The trend for fund managers to try and gain alts mandates from asset owners is particularly pronounced in South Korea.

Manuelita Contreras, associate director at Cerulli, told AsianInvestor that their interest stems in large part from the Ministry of Strategy of Finance, which has been encouraging local pension funds to add overseas and alternatives to diversify and raise average annual returns on investment in today’s low yield environment.

In late July the ministry said it would let state pension funds to increase overseas and alternatives exposure by two to three percentage a year. “They have no choice but to look into overseas market, as there are not enough alternatives opportunities in domestic market,” Contreras added.

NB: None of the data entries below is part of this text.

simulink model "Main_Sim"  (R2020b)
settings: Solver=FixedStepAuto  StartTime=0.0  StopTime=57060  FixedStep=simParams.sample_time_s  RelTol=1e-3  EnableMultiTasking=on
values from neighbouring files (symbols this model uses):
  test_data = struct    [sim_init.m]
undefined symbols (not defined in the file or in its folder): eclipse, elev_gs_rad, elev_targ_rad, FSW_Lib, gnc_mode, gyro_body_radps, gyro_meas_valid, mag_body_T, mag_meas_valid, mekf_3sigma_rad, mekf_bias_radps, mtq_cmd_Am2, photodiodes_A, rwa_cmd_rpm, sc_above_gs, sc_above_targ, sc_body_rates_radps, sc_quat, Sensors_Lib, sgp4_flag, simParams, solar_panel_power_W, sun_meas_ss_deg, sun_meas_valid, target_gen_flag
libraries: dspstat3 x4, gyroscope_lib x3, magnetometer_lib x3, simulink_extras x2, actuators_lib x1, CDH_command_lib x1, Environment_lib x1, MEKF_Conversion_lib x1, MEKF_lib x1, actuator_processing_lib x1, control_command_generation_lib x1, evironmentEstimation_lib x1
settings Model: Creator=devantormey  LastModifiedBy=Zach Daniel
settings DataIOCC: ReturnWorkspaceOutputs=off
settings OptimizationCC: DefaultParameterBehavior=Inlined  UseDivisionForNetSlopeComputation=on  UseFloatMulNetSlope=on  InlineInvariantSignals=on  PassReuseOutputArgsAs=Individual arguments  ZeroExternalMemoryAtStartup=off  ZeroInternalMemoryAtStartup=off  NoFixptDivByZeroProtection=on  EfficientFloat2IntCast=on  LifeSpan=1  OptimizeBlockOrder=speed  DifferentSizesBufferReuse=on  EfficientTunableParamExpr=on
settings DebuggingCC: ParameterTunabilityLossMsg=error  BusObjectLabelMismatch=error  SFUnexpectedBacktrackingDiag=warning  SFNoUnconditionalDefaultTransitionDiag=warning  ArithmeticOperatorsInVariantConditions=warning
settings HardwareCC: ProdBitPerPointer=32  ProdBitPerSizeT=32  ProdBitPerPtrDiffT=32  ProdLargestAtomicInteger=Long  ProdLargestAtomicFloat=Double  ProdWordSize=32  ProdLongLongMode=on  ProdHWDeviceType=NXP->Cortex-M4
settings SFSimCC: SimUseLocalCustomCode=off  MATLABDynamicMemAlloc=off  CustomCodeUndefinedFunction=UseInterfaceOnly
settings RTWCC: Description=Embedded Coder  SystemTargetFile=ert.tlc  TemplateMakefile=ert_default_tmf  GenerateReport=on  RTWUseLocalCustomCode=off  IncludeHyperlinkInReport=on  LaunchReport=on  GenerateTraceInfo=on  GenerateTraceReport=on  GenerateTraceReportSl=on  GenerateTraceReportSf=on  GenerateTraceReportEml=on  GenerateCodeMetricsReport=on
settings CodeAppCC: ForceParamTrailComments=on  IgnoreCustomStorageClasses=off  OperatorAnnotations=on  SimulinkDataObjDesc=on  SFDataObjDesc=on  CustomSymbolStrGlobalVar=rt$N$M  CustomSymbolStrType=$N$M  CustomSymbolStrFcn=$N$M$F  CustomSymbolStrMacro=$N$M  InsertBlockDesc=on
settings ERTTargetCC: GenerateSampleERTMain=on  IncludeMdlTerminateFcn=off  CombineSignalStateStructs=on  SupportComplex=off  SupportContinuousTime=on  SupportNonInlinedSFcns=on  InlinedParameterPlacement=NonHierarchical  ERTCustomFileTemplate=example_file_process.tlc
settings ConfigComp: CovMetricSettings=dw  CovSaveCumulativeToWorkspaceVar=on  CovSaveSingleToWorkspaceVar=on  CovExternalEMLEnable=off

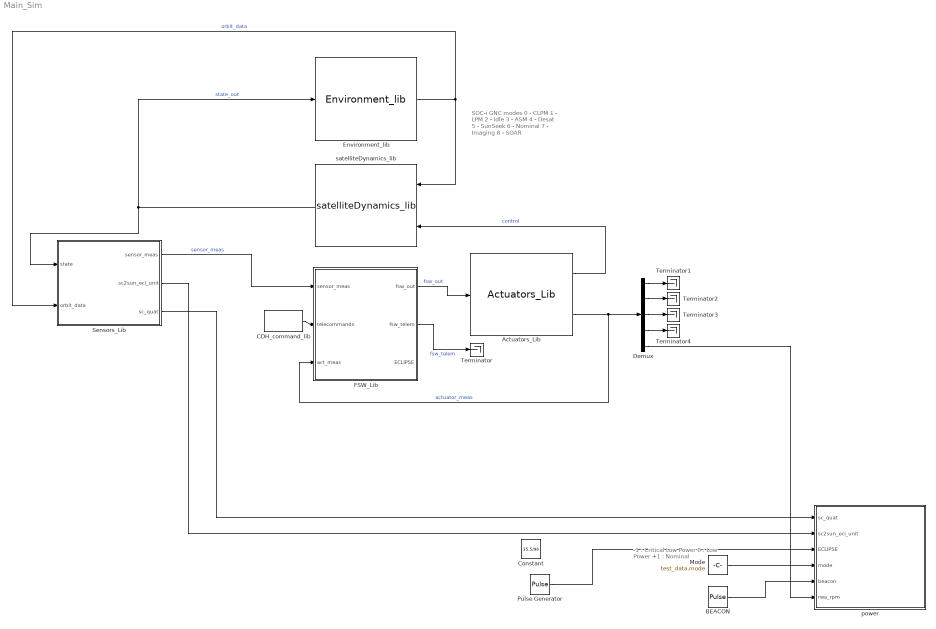
== system Main_Sim ==
  note: SOC-i GNC modes
      | 0 - CLPM
      | 1 - LPM
      | 2 - Idle
      | 3 - ASM
      | 4 - Desat
      | 5 - SunSeek
      | 6 - Nominal
      | 7 - Imaging
      | 8 - SOAR
  note: -1	: Critical Low Power
      |   0	: Low Power
      | +1	: Nominal
  Actuators_Lib : actuators_lib/Actuators_Lib  SystemSampleTime=-1  VariantActivationTime=update diagram  Latency=0  AutoFrameSizeCalculation=off
  BEACON : DiscretePulseGenerator  PulseType=Time based  Period=60  PulseWidth=100 * (1.0 / 60)
  CDH_command_lib : CDH_command_lib/CDH_command_lib  target_lat_deg=target_lat_deg  target_lon_deg=target_lon_deg  target_alt_m=target_alt_m  override_autonomy=0  enable_pointing=off  force_clpm=off  force_lpm=off  enable_img=off  enable_soar=off  triad_override=off  mask{target_lat_deg=44.0, target_lon_deg=-76.5, target_alt_m=0.0, override_autonomy=0, enable_pointing=off, force_clpm=off, force_lpm=off, enable_img=off, enable_soar=off, triad_override=off}
      mask prompts: target_lat_deg "Target Latitude [deg]"; target_lon_deg "Target Longitude [deg]"; target_alt_m "Target Alt [m]"; override_autonomy "Override Autonomous Mode Selection"; enable_pointing "Enable Autonomous Pointing"; force_clpm "CLPM Operating Mode"; force_lpm "LPM Operating Mode"; enable_img "Enable IMG"; enable_soar "Enable SOAR"; triad_override "TRIAD Override"
      mask TypeOptions target_lat_deg: target_lat_deg
      mask TypeOptions target_lon_deg: target_lon_deg
      mask TypeOptions target_alt_m: target_alt_m
      mask TypeOptions override_autonomy: override_autonomy
      mask TypeOptions enable_pointing: enable_pointing
      mask TypeOptions force_clpm: force_clpm
      mask TypeOptions force_lpm: force_lpm
      mask TypeOptions enable_img: enable_img
      mask TypeOptions enable_soar: enable_soar
      mask TypeOptions triad_override: triad_override
      mask DialogControl DescGroupVar Prompt: SOC-i Telecommand Module
      mask DialogControl DescTextVar Prompt: Adjust the parameters that can enter the GNC flight software from the rest of the satellite, including the other subsystems onboard and those that come from the ground station.
  Constant : Constant  Value=35.5/96  VectorParams1D=off
  Demux : Demux  Outputs=[5 4 1 1 4]
  Environment_lib : Environment_lib/Environment_lib  SystemSampleTime=-1  VariantActivationTime=update diagram  Latency=0  AutoFrameSizeCalculation=off
  FSW_Lib : Subsystem  AncestorBlock=FSW_Lib/FSW_Lib
  Mode : Constant  Value=test_data.mode
  Pulse Generator : DiscretePulseGenerator  PulseType=Time based  Period=5760  PulseWidth=100*(35.5/96)
  Sensors_Lib : Subsystem  AncestorBlock=Sensors_Lib/Sensors_Lib
  Terminator{,1..4} (5 alike) : Terminator
  power : Subsystem
  satelliteDynamics_lib : satelliteDynamics_lib/satelliteDynamics_lib  SystemSampleTime=-1  VariantActivationTime=update diagram  Latency=0  AutoFrameSizeCalculation=off
  wires:
  FSW_Lib/1(fsw_out) -> Actuators_Lib/1  "fsw_out"
  Sensors_Lib/1(sensor_meas) -> FSW_Lib/1(sensor_meas)  "sensor_meas"
  satelliteDynamics_lib/1 -> Environment_lib/1, Sensors_Lib/1(state)  "state_out"
  Environment_lib/1 -> Sensors_Lib/2(orbit_data), satelliteDynamics_lib/1  "orbit_data"
  Actuators_Lib/1 -> satelliteDynamics_lib/2  "control"
  CDH_command_lib/1 -> FSW_Lib/2(telecommands)
  Actuators_Lib/2 -> FSW_Lib/3(act_meas), Demux/1  "actuator_meas"
  FSW_Lib/2(fsw_telem) -> Terminator/1  "fsw_telem"
  Mode/1 -> power/4(mode)
  Sensors_Lib/3(sc_quat) -> power/1(sc_quat)
  BEACON/1 -> power/5(beacon)
  Sensors_Lib/2(sc2sun_eci_unit) -> power/2(sc2sun_eci_unit)
  Demux/1 -> Terminator1/1
  Demux/2 -> Terminator2/1
  Demux/3 -> Terminator3/1
  Demux/4 -> Terminator4/1
  Demux/5 -> power/6(rwa_rpm)
  Pulse Generator/1 -> power/3(ECLIPSE)

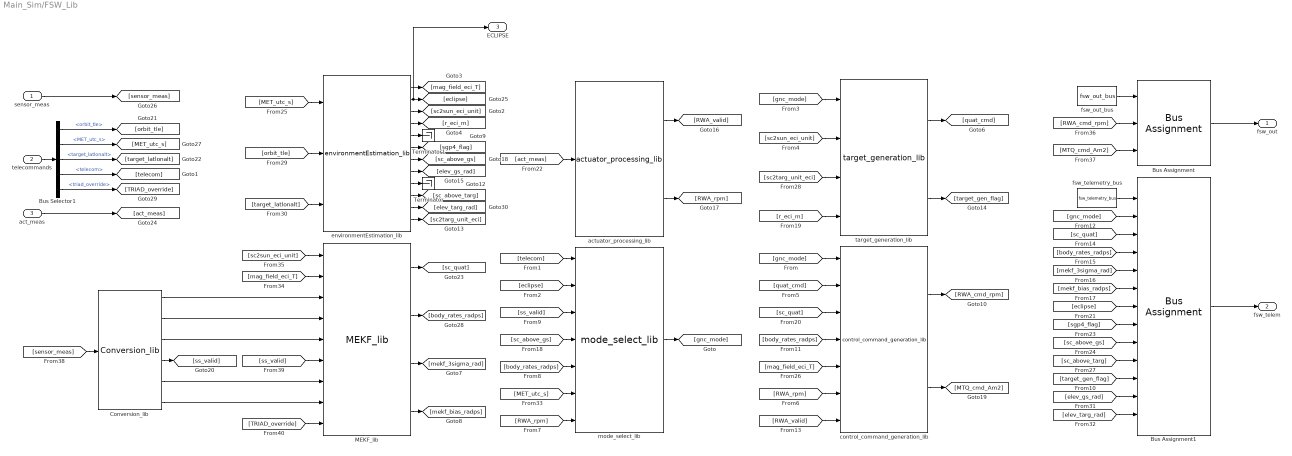
== system Main_Sim/FSW_Lib ==
  sensor_meas : Inport  OutDataTypeStr=Bus: sensor_bus
  telecommands : Inport  Port=2  OutDataTypeStr=Bus: cdh_data
  act_meas : Inport  Port=3  OutDataTypeStr=Bus: actuator_meas
  Bus Assignment : BusAssignment  AssignedSignals=rwa_cmd_rpm,mtq_cmd_Am2
  Bus Assignment1 : BusAssignment  AssignedSignals=gnc_mode,sc_quat,sc_body_rates_radps,mekf_3sigma_rad,mekf_bias_radps,eclipse,sgp4_flag,sc_above_gs,sc_above_targ,target_gen_flag,elev_gs_rad,elev_targ_rad
  Bus Selector1 : BusSelector  OutputSignals=orbit_tle,MET_utc_s,target_latlonalt,telecom,triad_override
  Conversion_lib : MEKF_Conversion_lib/Conversion_lib  SystemSampleTime=-1  VariantActivationTime=update diagram  Latency=0  AutoFrameSizeCalculation=off
  MEKF_lib : MEKF_lib/MEKF_lib  SystemSampleTime=-1  VariantActivationTime=update diagram  Latency=0  AutoFrameSizeCalculation=off
  Terminator : Terminator
  Terminator1 : Terminator
  actuator_processing_lib : actuator_processing_lib/actuator_processing_lib  SystemSampleTime=-1  VariantActivationTime=update diagram  Latency=0  AutoFrameSizeCalculation=off
      link override Rate Transition5: InitialCondition=10
  control_command_generation_lib : control_command_generation_lib/control_command_generation_lib  SystemSampleTime=-1  VariantActivationTime=update diagram  Latency=0  AutoFrameSizeCalculation=off
  environmentEstimation_lib : evironmentEstimation_lib/environmentEstimation_lib  SystemSampleTime=-1  VariantActivationTime=update diagram  Latency=0  AutoFrameSizeCalculation=off
  fsw_out_bus : fsw_out_bus/fsw_out_bus  SystemSampleTime=-1  VariantActivationTime=update diagram  Latency=0  AutoFrameSizeCalculation=off
  fsw_telemetry_bus : fsw_telemetry_bus/fsw_telemetry_bus  SystemSampleTime=-1  VariantActivationTime=update diagram  Latency=0  AutoFrameSizeCalculation=off
  mode_select_lib : mode_select_lib/mode_select_lib  SystemSampleTime=-1  VariantActivationTime=update diagram  Latency=0  AutoFrameSizeCalculation=off
  target_generation_lib : target_gen_lib/target_generation_lib  SystemSampleTime=-1  VariantActivationTime=update diagram  Latency=0  AutoFrameSizeCalculation=off
  fsw_out : Outport  OutDataTypeStr=Bus: fsw_out  VectorParamsAs1DForOutWhenUnconnected=off
  fsw_telem : Outport  Port=2  OutDataTypeStr=Bus: fsw_telemetry  VectorParamsAs1DForOutWhenUnconnected=off
  ECLIPSE : Outport  Port=3  VectorParamsAs1DForOutWhenUnconnected=off
  wires:
  [elev_targ_rad] -> Bus Assignment1/13
  [elev_gs_rad] -> Bus Assignment1/12
  [target_gen_flag] -> Bus Assignment1/11
  [body_rates_radps] -> Bus Assignment1/4
  [sc_above_targ] -> Bus Assignment1/10
  [sc_above_gs] -> Bus Assignment1/9
  [sgp4_flag] -> Bus Assignment1/8
  [eclipse] -> Bus Assignment1/7
  [mekf_bias_radps] -> Bus Assignment1/6
  [mekf_3sigma_rad] -> Bus Assignment1/5
  [sc_quat] -> Bus Assignment1/3
  [gnc_mode] -> Bus Assignment1/2
  fsw_telemetry_bus/1 -> Bus Assignment1/1
  Bus Assignment1/1 -> fsw_telem/1
  actuator_processing_lib/1 -> [RWA_valid]
  [sc2sun_eci_unit] -> target_generation_lib/2
  [gnc_mode] -> target_generation_lib/1
  [sc2targ_unit_eci] -> target_generation_lib/3
  [r_eci_m] -> target_generation_lib/4
  target_generation_lib/1 -> [quat_cmd]
  target_generation_lib/2 -> [target_gen_flag]
  control_command_generation_lib/2 -> [MTQ_cmd_Am2]
  control_command_generation_lib/1 -> [RWA_cmd_rpm]
  [quat_cmd] -> control_command_generation_lib/2
  [gnc_mode] -> control_command_generation_lib/1
  [sc_quat] -> control_command_generation_lib/3
  [body_rates_radps] -> control_command_generation_lib/4
  [RWA_rpm] -> control_command_generation_lib/6
  [RWA_valid] -> control_command_generation_lib/7
  [mag_field_eci_T] -> control_command_generation_lib/5
  environmentEstimation_lib/10 -> [sc_above_targ]
  environmentEstimation_lib/8 -> [elev_gs_rad]
  environmentEstimation_lib/7 -> [sc_above_gs]
  environmentEstimation_lib/6 -> [sgp4_flag]
  environmentEstimation_lib/5 -> Terminator1/1
  environmentEstimation_lib/4 -> [r_eci_m]
  [ss_valid] -> MEKF_lib/6
  [MTQ_cmd_Am2] -> Bus Assignment/3
  [RWA_cmd_rpm] -> Bus Assignment/2
  fsw_out_bus/1 -> Bus Assignment/1
  [sensor_meas] -> Conversion_lib/1
  sensor_meas/1 -> [sensor_meas]
  MEKF_lib/4 -> [mekf_bias_radps]
  MEKF_lib/3 -> [mekf_3sigma_rad]
  MEKF_lib/2 -> [body_rates_radps]
  MEKF_lib/1 -> [sc_quat]
  [TRIAD_override] -> MEKF_lib/9
  [mag_field_eci_T] -> MEKF_lib/2
  [sc2sun_eci_unit] -> MEKF_lib/1
  Conversion_lib/1 -> MEKF_lib/3
  Conversion_lib/2 -> MEKF_lib/4
  Conversion_lib/3 -> MEKF_lib/5
  Conversion_lib/4 -> [ss_valid]
  Conversion_lib/5 -> MEKF_lib/7
  Conversion_lib/6 -> MEKF_lib/8
  telecommands/1 -> Bus Selector1/1
  Bus Assignment/1 -> fsw_out/1
  mode_select_lib/1 -> [gnc_mode]
  [telecom] -> mode_select_lib/1
  [eclipse] -> mode_select_lib/2
  [sc_above_gs] -> mode_select_lib/4
  [body_rates_radps] -> mode_select_lib/5
  [RWA_rpm] -> mode_select_lib/7
  [ss_valid] -> mode_select_lib/3
  environmentEstimation_lib/1 -> [mag_field_eci_T]
  environmentEstimation_lib/2 -> ECLIPSE/1, [eclipse]
  environmentEstimation_lib/3 -> [sc2sun_eci_unit]
  environmentEstimation_lib/9 -> Terminator/1
  [MET_utc_s] -> environmentEstimation_lib/1
  [orbit_tle] -> environmentEstimation_lib/2
  act_meas/1 -> [act_meas]
  actuator_processing_lib/2 -> [RWA_rpm]
  [act_meas] -> actuator_processing_lib/1
  environmentEstimation_lib/12 -> [sc2targ_unit_eci]
  environmentEstimation_lib/11 -> [elev_targ_rad]
  Bus Selector1/2 -> [MET_utc_s]  "<MET_utc_s>"
  Bus Selector1/1 -> [orbit_tle]  "<orbit_tle>"
  Bus Selector1/3 -> [target_latlonalt]  "<target_latlonalt>"
  [target_latlonalt] -> environmentEstimation_lib/3
  [MET_utc_s] -> mode_select_lib/6
  Bus Selector1/4 -> [telecom]  "<telecom>"
  Bus Selector1/5 -> [TRIAD_override]  "<triad_override>"

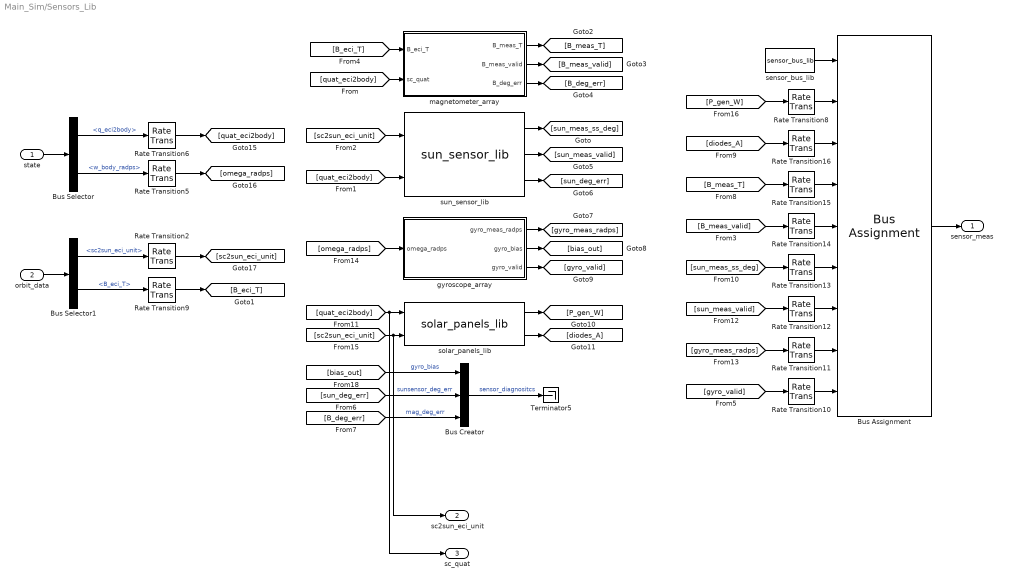
== system Main_Sim/Sensors_Lib ==
  state : Inport  OutDataTypeStr=Bus: state
  orbit_data : Inport  Port=2  OutDataTypeStr=Bus: orbit_data
  Bus Assignment : BusAssignment  AssignedSignals=solar_panel_power_W,photodiodes_A,mag_body_T,mag_meas_valid,sun_meas_ss_deg,sun_meas_valid,gyro_body_radps,gyro_meas_valid
  Bus Creator : BusCreator  Inputs=3
  Bus Selector : BusSelector  OutputSignals=q_eci2body,w_body_radps
  Bus Selector1 : BusSelector  OutputSignals=sc2sun_eci_unit,B_eci_T
  Rate Transition{2,6,8..16} (11 alike) : RateTransition  OutPortSampleTime=simParams.sensors.sample_time_s
  Rate Transition5 : RateTransition  InitialCondition=50  OutPortSampleTime=simParams.sensors.sample_time_s
  Terminator5 : Terminator
  gyroscope_array : Subsystem
  magnetometer_array : Subsystem
  sensor_bus_lib : sensor_bus/sensor_bus_lib  SystemSampleTime=-1  VariantActivationTime=update diagram  Latency=0  AutoFrameSizeCalculation=off
  solar_panels_lib : solar_panels_lib/solar_panels_lib  SystemSampleTime=-1  VariantActivationTime=update diagram  Latency=0  AutoFrameSizeCalculation=off
  "sun_sensor_lib " : sun_sensor_lib/sun_sensor_lib   SystemSampleTime=-1  VariantActivationTime=update diagram  Latency=0  AutoFrameSizeCalculation=off
  sensor_meas : Outport  OutDataTypeStr=Bus: sensor_bus  VectorParamsAs1DForOutWhenUnconnected=off
  sc2sun_eci_unit : Outport  Port=2  VectorParamsAs1DForOutWhenUnconnected=off
  sc_quat : Outport  Port=3  VectorParamsAs1DForOutWhenUnconnected=off
  wires:
  state/1 -> Bus Selector/1
  [diodes_A] -> Rate Transition16/1
  Rate Transition16/1 -> Bus Assignment/3
  Rate Transition8/1 -> Bus Assignment/2
  Rate Transition15/1 -> Bus Assignment/4
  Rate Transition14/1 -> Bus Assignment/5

In addition, Korea Investment Corporation is also aggressively moving into alternatives. The country’s sovereign wealth fund reportedly intends to allocate 20% of its portfolio into alternatives by 2020, up from a 12.4% exposure at the end of 2015. KIC had assets under management of $91.8 billion at the end of 2015.

Foreign asset managers are particularly approaching mid-tier asset owners like Korea Teachers' Pension fund and National Credit Union Federation to try and gain alts mandates, Tay observed.

Large-scale institutions are also interested in building offshore and alternatives exposures, but they have more capability to do so through internal investment teams, making it harder for foreign managers to win mandates from them, he added.

Uphill battle

But while the increasing demand of asset owners into alternatives means traditional fund houses are eager to compete for these mandates, it’s an uphill struggle.

Their alternatives teams are usually relatively small, and typically located within their global investment divisions.

The relatively small resources they allocate to such investments make it difficult for these teams to compete with alternative specialised-managers, which are usually the go-to choices for asset owners seeking to outsource alts mandates.

There are rare cases of wins by traditional fund houses. Korea’s National Pension Service (NPS) handed out two $500 million fund of hedge funds mandates to US-based BlackRock and GCM Grosvenor in July. But this is a relatively rare example.

“The case like BlackRock getting a fund of hedge funds [mandate] from the NPS is quite an exception and surprise to managers in the region,” said Contreras.

While traditional asset managers face a difficult task in convincing regional asset owners to hand them alternative investment mandates, they are likely to keep trying, given the likelihood of more such mandates being handed out next year, said Contreras. 

Traditional fund managers might be better off focusing on fixed income mandates, which remain the dominant asset class when it comes to institutional outsourcing in Asia. Ng Sze Yoon, director for Asia Pacific at UK-based consultancy Spence Johnson, said alternatives remain a tactical allocation for many asset owners, and thus mandates size are relative small, she noted.

However, fund managers seeking to gain more such business also need to adapt to the changing demands of Asia asset owners in fixed income, such as offering more flexible and unconstrained fixed income strategies.